(YOUR TASK):
Look through the records below for the line with "#4522 = CARTESIAN_POINT". Return that line and each one after it up to and including the line with "#6849 = ORIENTED_EDGE", exactly.
*-*-*
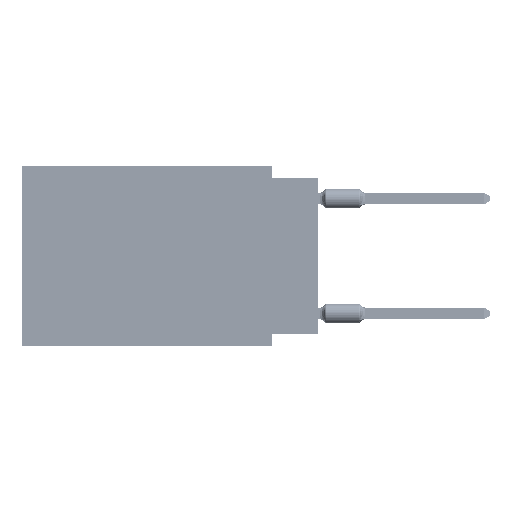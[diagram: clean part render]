
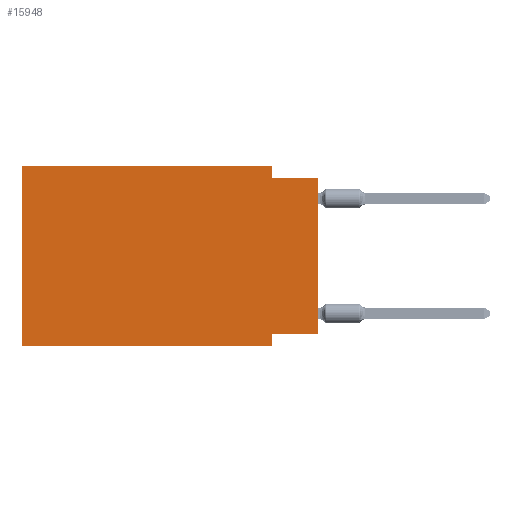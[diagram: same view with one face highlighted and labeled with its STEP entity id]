
A CAD part, left-side view. The second image highlights one B-rep face of the part: STEP entity #15948.
In plain terms, the highlighted planar face has unit normal (-1, 0, 0).
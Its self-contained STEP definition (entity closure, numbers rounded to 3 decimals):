
#160 = CARTESIAN_POINT ( 'NONE',  ( 0., 0., -0.635 ) ) ;
#4522 = CARTESIAN_POINT ( 'NONE',  ( 0., 16.383, 0. ) ) ;
#5381 = CARTESIAN_POINT ( 'NONE',  ( 0., 16.383, 0. ) ) ;
#5715 = DIRECTION ( 'NONE',  ( 0., -1., 0. ) ) ;
#6021 = VECTOR ( 'NONE', #55479, 1000. ) ;
#6768 = ORIENTED_EDGE ( 'NONE', *, *, #44002, .F. ) ;
#6849 = ORIENTED_EDGE ( 'NONE', *, *, #9124, .F. ) ;
#8456 = LINE ( 'NONE', #20198, #6021 ) ;
#8547 = CARTESIAN_POINT ( 'NONE',  ( 0., 2.54, -0.635 ) ) ;
#8705 = AXIS2_PLACEMENT_3D ( 'NONE', #5381, #53200, #39228 ) ;
#9124 = EDGE_CURVE ( 'NONE', #54401, #75551, #42579, .T. ) ;
#15082 = CARTESIAN_POINT ( 'NONE',  ( 0., 0., -9.271 ) ) ;
#15948 = ADVANCED_FACE ( 'NONE', ( #58695 ), #38837, .F. ) ;
#18125 = LINE ( 'NONE', #40870, #38479 ) ;
#18279 = CARTESIAN_POINT ( 'NONE',  ( 0., 2.54, 0. ) ) ;
#19780 = ORIENTED_EDGE ( 'NONE', *, *, #25384, .F. ) ;
#20198 = CARTESIAN_POINT ( 'NONE',  ( 0., 2.54, -9.906 ) ) ;
#22060 = VECTOR ( 'NONE', #72328, 1000. ) ;
#25228 = EDGE_CURVE ( 'NONE', #67931, #31620, #34319, .T. ) ;
#25384 = EDGE_CURVE ( 'NONE', #35649, #77270, #52724, .T. ) ;
#26536 = CARTESIAN_POINT ( 'NONE',  ( 0., 0., -0.635 ) ) ;
#27300 = VERTEX_POINT ( 'NONE', #68183 ) ;
#27854 = CARTESIAN_POINT ( 'NONE',  ( 0., 16.383, -9.906 ) ) ;
#29594 = CARTESIAN_POINT ( 'NONE',  ( 0., 0., -9.271 ) ) ;
#30759 = CARTESIAN_POINT ( 'NONE',  ( 0., 16.383, 0. ) ) ;
#31620 = VERTEX_POINT ( 'NONE', #57755 ) ;
#32325 = EDGE_CURVE ( 'NONE', #75551, #38111, #32416, .T. ) ;
#32416 = LINE ( 'NONE', #26536, #66890 ) ;
#34319 = LINE ( 'NONE', #4522, #49952 ) ;
#35649 = VERTEX_POINT ( 'NONE', #15082 ) ;
#36242 = ORIENTED_EDGE ( 'NONE', *, *, #41493, .T. ) ;
#38111 = VERTEX_POINT ( 'NONE', #160 ) ;
#38479 = VECTOR ( 'NONE', #60071, 1000. ) ;
#38837 = PLANE ( 'NONE',  #8705 ) ;
#39228 = DIRECTION ( 'NONE',  ( 0., 0., -1. ) ) ;
#39966 = EDGE_CURVE ( 'NONE', #67931, #27300, #53314, .T. ) ;
#40870 = CARTESIAN_POINT ( 'NONE',  ( 0., 0., 0. ) ) ;
#41493 = EDGE_CURVE ( 'NONE', #35649, #38111, #18125, .T. ) ;
#42509 = VECTOR ( 'NONE', #70703, 1000. ) ;
#42579 = LINE ( 'NONE', #18279, #22060 ) ;
#42901 = DIRECTION ( 'NONE',  ( 0., -1., 0. ) ) ;
#42920 = CARTESIAN_POINT ( 'NONE',  ( 0., 2.54, 0. ) ) ;
#43473 = EDGE_CURVE ( 'NONE', #31620, #54401, #65632, .T. ) ;
#44002 = EDGE_CURVE ( 'NONE', #77270, #27300, #8456, .T. ) ;
#44221 = EDGE_LOOP ( 'NONE', ( #36242, #47042, #6849, #64050, #60270, #73308, #6768, #19780 ) ) ;
#46259 = DIRECTION ( 'NONE',  ( 0., -1., 0. ) ) ;
#47042 = ORIENTED_EDGE ( 'NONE', *, *, #32325, .F. ) ;
#49563 = VECTOR ( 'NONE', #46259, 1000. ) ;
#49952 = VECTOR ( 'NONE', #69568, 1000. ) ;
#51172 = CARTESIAN_POINT ( 'NONE',  ( 0., 2.54, -9.271 ) ) ;
#52724 = LINE ( 'NONE', #29594, #42509 ) ;
#53200 = DIRECTION ( 'NONE',  ( 1., 0., 0. ) ) ;
#53314 = LINE ( 'NONE', #27854, #49563 ) ;
#54401 = VERTEX_POINT ( 'NONE', #42920 ) ;
#55479 = DIRECTION ( 'NONE',  ( 0., 0., -1. ) ) ;
#57755 = CARTESIAN_POINT ( 'NONE',  ( 0., 16.383, 0. ) ) ;
#58695 = FACE_OUTER_BOUND ( 'NONE', #44221, .T. ) ;
#60071 = DIRECTION ( 'NONE',  ( 0., 0., 1. ) ) ;
#60270 = ORIENTED_EDGE ( 'NONE', *, *, #25228, .F. ) ;
#64050 = ORIENTED_EDGE ( 'NONE', *, *, #43473, .F. ) ;
#65632 = LINE ( 'NONE', #30759, #67266 ) ;
#66890 = VECTOR ( 'NONE', #5715, 1000. ) ;
#67266 = VECTOR ( 'NONE', #42901, 1000. ) ;
#67931 = VERTEX_POINT ( 'NONE', #75222 ) ;
#68183 = CARTESIAN_POINT ( 'NONE',  ( 0., 2.54, -9.906 ) ) ;
#69568 = DIRECTION ( 'NONE',  ( 0., 0., 1. ) ) ;
#70703 = DIRECTION ( 'NONE',  ( 0., 1., 0. ) ) ;
#72328 = DIRECTION ( 'NONE',  ( 0., 0., -1. ) ) ;
#73308 = ORIENTED_EDGE ( 'NONE', *, *, #39966, .T. ) ;
#75222 = CARTESIAN_POINT ( 'NONE',  ( 0., 16.383, -9.906 ) ) ;
#75551 = VERTEX_POINT ( 'NONE', #8547 ) ;
#77270 = VERTEX_POINT ( 'NONE', #51172 ) ;
*-*-*
(RESULT):
#4522 = CARTESIAN_POINT ( 'NONE',  ( 0., 16.383, 0. ) ) ;
#5381 = CARTESIAN_POINT ( 'NONE',  ( 0., 16.383, 0. ) ) ;
#5715 = DIRECTION ( 'NONE',  ( 0., -1., 0. ) ) ;
#6021 = VECTOR ( 'NONE', #55479, 1000. ) ;
#6768 = ORIENTED_EDGE ( 'NONE', *, *, #44002, .F. ) ;
#6849 = ORIENTED_EDGE ( 'NONE', *, *, #9124, .F. ) ;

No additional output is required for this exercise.